Musings of an Old Man

Whatever this used to be about, it is now about my dying. I'll keep it up as long as I can and as much as I want to.

Name:
Location: Columbus, Ohio, United States

I'm a 69 years old white, male, 6'1", 290 lbs., partially balding in the back. I was married for ten years and fathered two children, a daughter and a son. My current marriage (2nd) will celebrate its 39th anniversary November 4. The date will be in the news because it was the same day as the Iranian hostages were taken at the US Embassy in Tehran. (Obviously, I had a better day than they did.) I'm a Vietnam Veteran ('71-'72). I have worked as a Computer Programmer, Project Manager, Graduate Teaching Associate, Technical Writer, and Web Developer. I own, with my wife, a house and a dog.

Monday, December 17, 2018

Learning to Forgive

I was laying in bed around four this morning thinking about who knows what or why when I suddenly realize I have been rehearsing arguments against a men's organization I used to belong to. For most of my life I have argued, in my own mind, against this wrong or that injustice or even just to justify some action I took or wanted to take. These arguments were always in my mind and consisted of me making my case, often insisting that someone else correct an injustice to me that had wounded me gravely.

The longest running argument was with my father. It went on for decades, and I don't think he ever knew about any of them. Mostly that was because no man has ever intimidated me quite like he did. I suppose that's generally true of sons whose fathers are less than the cultural ideal of a loving, caring father. The arguments went on for another reason: I knew of no man more unfair and smugly proud of it that my father. He refused to admit a mistake or any kind when I was younger. When I was older, and he was in AA, he began to try making amends for some of his more egregious mistakes.

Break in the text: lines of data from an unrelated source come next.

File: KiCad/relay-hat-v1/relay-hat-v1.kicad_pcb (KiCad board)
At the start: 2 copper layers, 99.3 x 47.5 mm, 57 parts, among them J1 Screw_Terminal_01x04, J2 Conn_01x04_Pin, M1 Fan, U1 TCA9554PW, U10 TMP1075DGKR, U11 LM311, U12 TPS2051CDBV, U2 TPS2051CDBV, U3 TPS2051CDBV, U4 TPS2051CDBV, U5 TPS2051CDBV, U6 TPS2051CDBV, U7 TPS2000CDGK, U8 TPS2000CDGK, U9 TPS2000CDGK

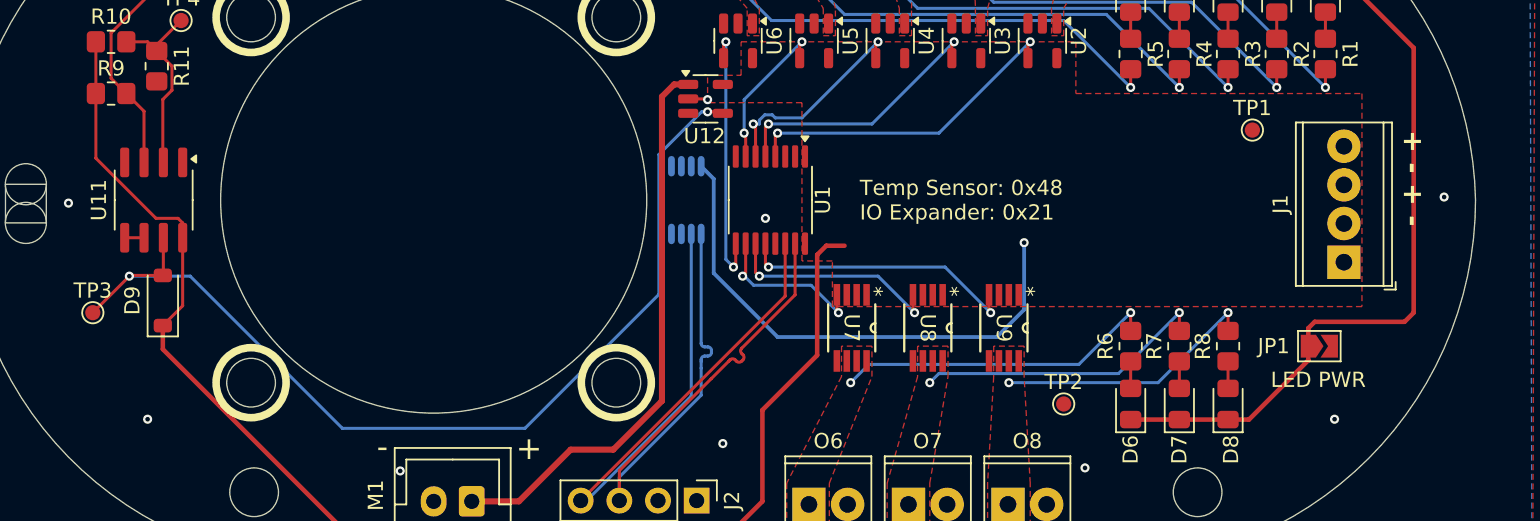
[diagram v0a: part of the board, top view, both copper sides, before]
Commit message: Test code and changed diode for resistor
The diode after the op-amp on the relay board is now a 10K pullup resistor
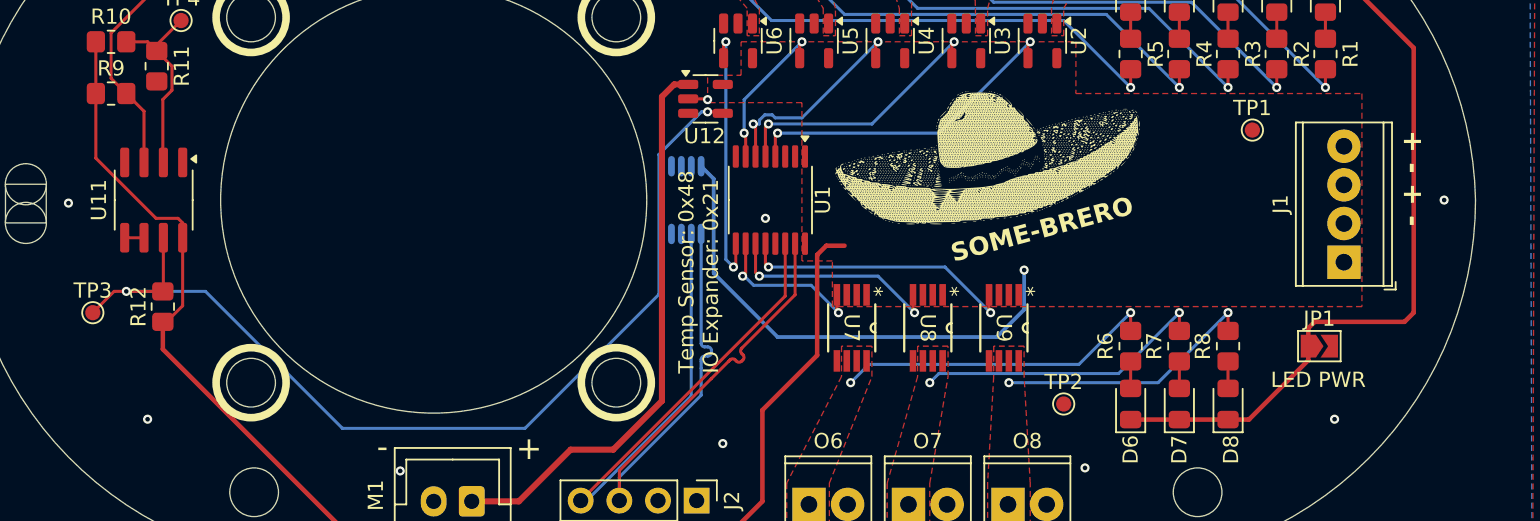
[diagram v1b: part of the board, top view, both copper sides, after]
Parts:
- removed D9: 1N4148, Diode_SMD:D_SOD-123
- added G***: LOGO, LOGO, F.Cu at (184.2, 66.2)
- added R12: 10k, Resistor_SMD:R_0805_2012Metric_Pad1.20x1.40mm_HandSolder, F.Cu at (130.0, 76.0)
- JP1: value SolderJumper_2_Open -> SolderJumper_2_Closed
- R1, R2, R3, R4, R5, R6, R7, R8: value 120 -> 820
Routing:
- net +5V: track 123.5 -> 121.7 mm
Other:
- board text added: "For when you only want SOME things on..."
- board text added: "SOME-BRERO"

It was hard for me to take him seriously because he never admitted how wrong he was for so long. He was making amends for things he did, not for things he said, not for lying and cheating and browbeating and dominating a boy as young as three (I can't remember farther back than that). And he did it in such as way that I was always afraid of him until I got old enough and big enough that he realized he had to take his act elsewhere. (Or was it that I stopped coming around and he had to find new targets.)

So you can see that I have a lot of work to do around forgiveness, for I have not forgiven the son of a bitch even as I have come to understand more and more what made him the way he was. There's a little boy inside me that I never adequately protected, and that little boy and I still want to kill our father.

I did try to make peace with my father before he died, and I think I did at least reach a truce, but I realize now that I never truly forgave him. And in realizing that, I realize that I have a whole lot of people I need to forgive. I'm not sure I know how.

Oh, I know how to SAY, "I forgive you," but I don't know how to actually forgive someone else. Heck, I don't know how to forgive myself. I seem to recall a story about some young girl who was having visions of the BVM. Somehow she gets into the Presence of the Pope who questions her closely, thinking that this is another love-starved poor girl with a fantastic story that gets her attention. So he asks the girl if she can talk to Jesus right now. The girl says she can. The pope tells her to ask Jesus what sins he confessed at his most recent confession. The girl is silent for a few minutes, eyes closed, hands folded in prayer. They she opens her eyes and says, "Jesus says he can't remember."

The lesson of this story is that once you are forgiven, the slate is wiped clean. Jesus/God does not remember those past sins for which you have asked forgiveness. Great story. Great moral lesson.

Only I don't forget. I may say, "I forgive you," but if I can't forget what you did, have I really forgiven? If I can't forget, I can't trust, because I remember how you abused my trust in the past. I remember how I did forgive, and you abused my trust again and again until I could no longer be in your presence because all you did was pick at the sores you had created.

So this is my journey now. How to I forgive, truly, absolutely, and completely forgive? How does that work? Can a mere mortal do this, or is it a power reserved to the gods? If anyone reading this has any ideas or can point me to any resources I can study, I appreciate your help.